I guess something that’s convenient? I don’t have much experience with sampling algorithms. But if something needs to be implemented, I could do it with the right guidance.
Is your intention to be able to call rand(Categorical(p)) from within a GPU kernel? Or does the code you posted just not work, and you want to know how to make it work?
This is not a particularly helpful answer; if it’s not difficult to implement, then maybe you could instead point to some resources that would help the OP?
This type of question comes up often.
Just a few days ago I saw and answered a very similar question on Slack.

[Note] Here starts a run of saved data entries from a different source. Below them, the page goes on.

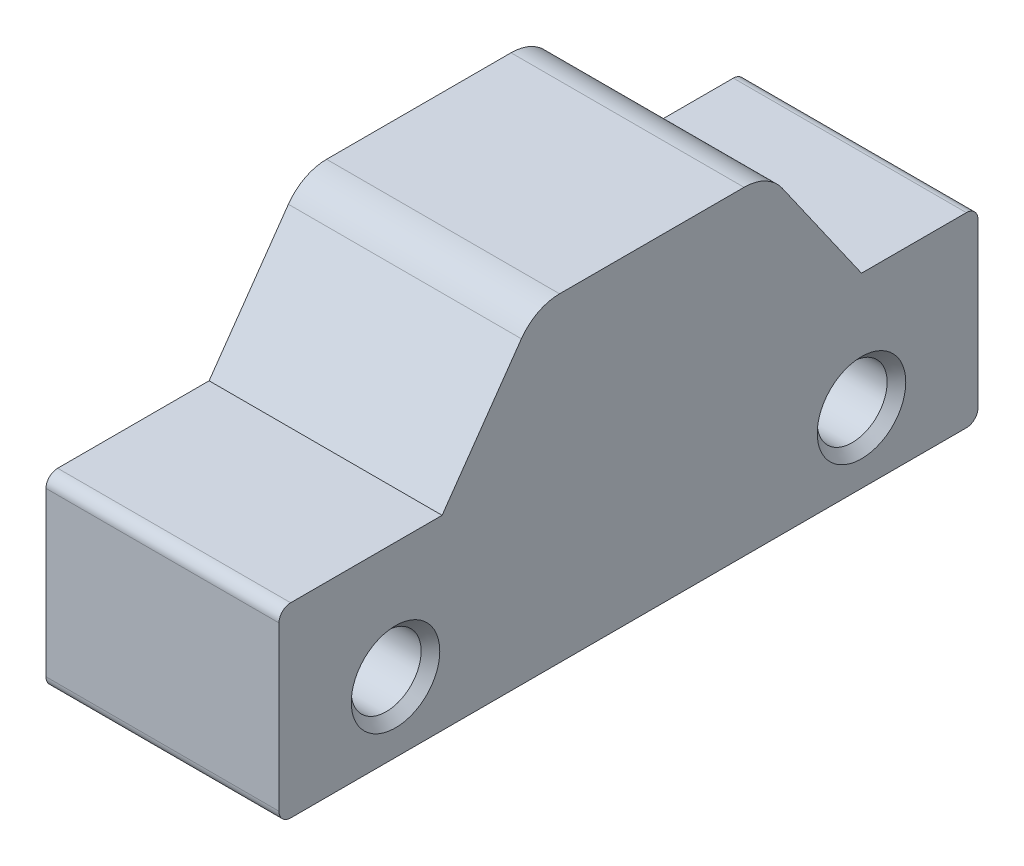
ISO-10303-21;
HEADER;
FILE_DESCRIPTION(('STEP AP214'),'2;1');
FILE_NAME('part.step','',(''),(''),'','','');
FILE_SCHEMA(('AUTOMOTIVE_DESIGN { 1 0 10303 214 1 1 1 1 }'));
ENDSEC;
DATA;
#1=APPLICATION_CONTEXT('core data for automotive mechanical design processes');
#2=APPLICATION_PROTOCOL_DEFINITION('international standard','automotive_design',2000,#1);
#3=PRODUCT_CONTEXT('',#1,'mechanical');
#4=PRODUCT('Part','Part','',(#3));
#5=PRODUCT_RELATED_PRODUCT_CATEGORY('part','',(#4));
#6=PRODUCT_DEFINITION_FORMATION('','',#4);
#7=PRODUCT_DEFINITION_CONTEXT('part definition',#1,'design');
#8=PRODUCT_DEFINITION('design','',#6,#7);
#9=PRODUCT_DEFINITION_SHAPE('','',#8);
#10=(LENGTH_UNIT() NAMED_UNIT(*) SI_UNIT(.MILLI.,.METRE.));
#11=(NAMED_UNIT(*) PLANE_ANGLE_UNIT() SI_UNIT($,.RADIAN.));
#12=(NAMED_UNIT(*) SI_UNIT($,.STERADIAN.) SOLID_ANGLE_UNIT());
#13=UNCERTAINTY_MEASURE_WITH_UNIT(LENGTH_MEASURE(1.E-05),#10,'distance_accuracy_value','');
#14=(GEOMETRIC_REPRESENTATION_CONTEXT(3) GLOBAL_UNCERTAINTY_ASSIGNED_CONTEXT((#13)) GLOBAL_UNIT_ASSIGNED_CONTEXT((#10,
#11,#12)) REPRESENTATION_CONTEXT('',''));
#15=CARTESIAN_POINT('',(0.,0.,0.));
#16=DIRECTION('',(0.,0.,1.));
#17=DIRECTION('',(1.,0.,0.));
#18=AXIS2_PLACEMENT_3D('',#15,#16,#17);
#19=CARTESIAN_POINT('',(25.,40.,40.));
#20=DIRECTION('',(0.,-1.,0.));
#21=DIRECTION('',(0.,0.,-1.));
#22=AXIS2_PLACEMENT_3D('',#19,#20,#21);
#23=PLANE('',#22);
#24=DIRECTION('',(0.,0.,1.));
#25=VECTOR('',#24,1.);
#26=CARTESIAN_POINT('',(-25.,40.,40.));
#27=LINE('',#26,#25);
#28=CARTESIAN_POINT('',(-25.,40.,40.));
#29=VERTEX_POINT('',#28);
#30=CARTESIAN_POINT('',(-25.,40.,72.5));
#31=VERTEX_POINT('',#30);
#32=EDGE_CURVE('E282',#29,#31,#27,.T.);
#33=ORIENTED_EDGE('',*,*,#32,.T.);
#34=DIRECTION('',(-1.,0.,0.));
#35=VECTOR('',#34,1.);
#36=CARTESIAN_POINT('',(25.,40.,72.5));
#37=LINE('',#36,#35);
#38=CARTESIAN_POINT('',(25.,40.,72.5));
#39=VERTEX_POINT('',#38);
#40=EDGE_CURVE('E13',#31,#39,#37,.F.);
#41=ORIENTED_EDGE('',*,*,#40,.T.);
#42=DIRECTION('',(0.,0.,1.));
#43=VECTOR('',#42,1.);
#44=CARTESIAN_POINT('',(25.,40.,40.));
#45=LINE('',#44,#43);
#46=CARTESIAN_POINT('',(25.,40.,40.));
#47=VERTEX_POINT('',#46);
#48=EDGE_CURVE('E264',#47,#39,#45,.T.);
#49=ORIENTED_EDGE('',*,*,#48,.F.);
#50=DIRECTION('',(-1.,0.,0.));
#51=VECTOR('',#50,1.);
#52=CARTESIAN_POINT('',(25.,40.,40.));
#53=LINE('',#52,#51);
#54=EDGE_CURVE('E173',#47,#29,#53,.T.);
#55=ORIENTED_EDGE('',*,*,#54,.T.);
#56=EDGE_LOOP('',(#33,#41,#49,#55));
#57=FACE_BOUND('',#56,.T.);
#58=ADVANCED_FACE('F46',(#57),#23,.F.);
#59=CARTESIAN_POINT('',(25.,40.,75.));
#60=DIRECTION('',(0.,0.,-1.));
#61=DIRECTION('',(0.,1.,0.));
#62=AXIS2_PLACEMENT_3D('',#59,#60,#61);
#63=PLANE('',#62);
#64=DIRECTION('',(0.,-1.,0.));
#65=VECTOR('',#64,1.);
#66=CARTESIAN_POINT('',(-25.,40.,75.));
#67=LINE('',#66,#65);
#68=CARTESIAN_POINT('',(-25.,37.5,75.));
#69=VERTEX_POINT('',#68);
#70=CARTESIAN_POINT('',(-25.,2.5,75.));
#71=VERTEX_POINT('',#70);
#72=EDGE_CURVE('E285',#69,#71,#67,.T.);
#73=ORIENTED_EDGE('',*,*,#72,.T.);
#74=DIRECTION('',(-1.,0.,0.));
#75=VECTOR('',#74,1.);
#76=CARTESIAN_POINT('',(25.,2.5,75.));
#77=LINE('',#76,#75);
#78=CARTESIAN_POINT('',(25.,2.5,75.));
#79=VERTEX_POINT('',#78);
#80=EDGE_CURVE('E69',#71,#79,#77,.F.);
#81=ORIENTED_EDGE('',*,*,#80,.T.);
#82=DIRECTION('',(0.,-1.,0.));
#83=VECTOR('',#82,1.);
#84=CARTESIAN_POINT('',(25.,40.,75.));
#85=LINE('',#84,#83);
#86=CARTESIAN_POINT('',(25.,37.5,75.));
#87=VERTEX_POINT('',#86);
#88=EDGE_CURVE('E268',#87,#79,#85,.T.);
#89=ORIENTED_EDGE('',*,*,#88,.F.);
#90=DIRECTION('',(-1.,0.,0.));
#91=VECTOR('',#90,1.);
#92=CARTESIAN_POINT('',(25.,37.5,75.));
#93=LINE('',#92,#91);
#94=EDGE_CURVE('E244',#87,#69,#93,.T.);
#95=ORIENTED_EDGE('',*,*,#94,.T.);
#96=EDGE_LOOP('',(#73,#81,#89,#95));
#97=FACE_BOUND('',#96,.T.);
#98=ADVANCED_FACE('F312',(#97),#63,.F.);
#99=CARTESIAN_POINT('',(25.,0.,75.));
#100=DIRECTION('',(0.,1.,0.));
#101=DIRECTION('',(0.,0.,1.));
#102=AXIS2_PLACEMENT_3D('',#99,#100,#101);
#103=PLANE('',#102);
#104=DIRECTION('',(0.,0.,-1.));
#105=VECTOR('',#104,1.);
#106=CARTESIAN_POINT('',(-25.,0.,75.));
#107=LINE('',#106,#105);
#108=CARTESIAN_POINT('',(-25.,0.,72.5));
#109=VERTEX_POINT('',#108);
#110=CARTESIAN_POINT('',(-25.,0.,-72.5));
#111=VERTEX_POINT('',#110);
#112=EDGE_CURVE('E257',#109,#111,#107,.T.);
#113=ORIENTED_EDGE('',*,*,#112,.T.);
#114=DIRECTION('',(-1.,0.,0.));
#115=VECTOR('',#114,1.);
#116=CARTESIAN_POINT('',(25.,0.,-72.5));
#117=LINE('',#116,#115);
#118=CARTESIAN_POINT('',(25.,0.,-72.5));
#119=VERTEX_POINT('',#118);
#120=EDGE_CURVE('E235',#111,#119,#117,.F.);
#121=ORIENTED_EDGE('',*,*,#120,.T.);
#122=DIRECTION('',(0.,0.,-1.));
#123=VECTOR('',#122,1.);
#124=CARTESIAN_POINT('',(25.,0.,75.));
#125=LINE('',#124,#123);
#126=CARTESIAN_POINT('',(25.,0.,72.5));
#127=VERTEX_POINT('',#126);
#128=EDGE_CURVE('E273',#127,#119,#125,.T.);
#129=ORIENTED_EDGE('',*,*,#128,.F.);
#130=DIRECTION('',(-1.,0.,0.));
#131=VECTOR('',#130,1.);
#132=CARTESIAN_POINT('',(25.,0.,72.5));
#133=LINE('',#132,#131);
#134=EDGE_CURVE('E232',#127,#109,#133,.T.);
#135=ORIENTED_EDGE('',*,*,#134,.T.);
#136=EDGE_LOOP('',(#113,#121,#129,#135));
#137=FACE_BOUND('',#136,.T.);
#138=ADVANCED_FACE('F290',(#137),#103,.F.);
#139=CARTESIAN_POINT('',(25.,0.,-75.));
#140=DIRECTION('',(0.,0.,1.));
#141=DIRECTION('',(0.,-1.,0.));
#142=AXIS2_PLACEMENT_3D('',#139,#140,#141);
#143=PLANE('',#142);
#144=DIRECTION('',(0.,1.,0.));
#145=VECTOR('',#144,1.);
#146=CARTESIAN_POINT('',(25.,0.,-75.));
#147=LINE('',#146,#145);
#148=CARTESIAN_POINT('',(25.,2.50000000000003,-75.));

I happen to have some CUDA.jl kernel code in a package of mine that I haven’t touched in a couple of years that could serve as a starting point. It is using a naive algorithm though.
using CUDA
using BinomialSynapses: indices!
function rand_categorical(p, n)
v = repeat(p', n ÷ length(p) + 1, 1)
idx = last(indices!(v))
return idx[1:n]
end
p = cu([0.7,0.2,0.1]) # does not need to be normalized
samples = rand_categorical(p, 1000)
should give you a CuVector of length 1000 of categorical samples.
But since that function was written for a specific application (resampling particles) where the number of samples needed was equal to the length of p, and where there were a lot of different ps, this is not going to be competitive in performance if you have short p and need lots of samples. You are (much) better off just copying your p to the CPU and calling rand there, and then copying the samples back to the GPU if needed.
My application is in Reinforcement Learning. I only need one sample from my distribution which is the action I will take in the next time step. In this situation, perhaps I’m better off just moving the array to CPU and calling rand there?
I looked around online and I guess it’s possible to implement sampling using the inverse transform method for reasonable distributions? I think CUDA already provides a cumsum for the CDF. So one might only need to implement a binary search on CuArray to use this method?
Unfortunately I am using the categorical sampling during training so parameters are changing quickly and maintaining an alias table seems like not the right approach because I won’t generate that many samples at fixed parameter values. But I could be wrong.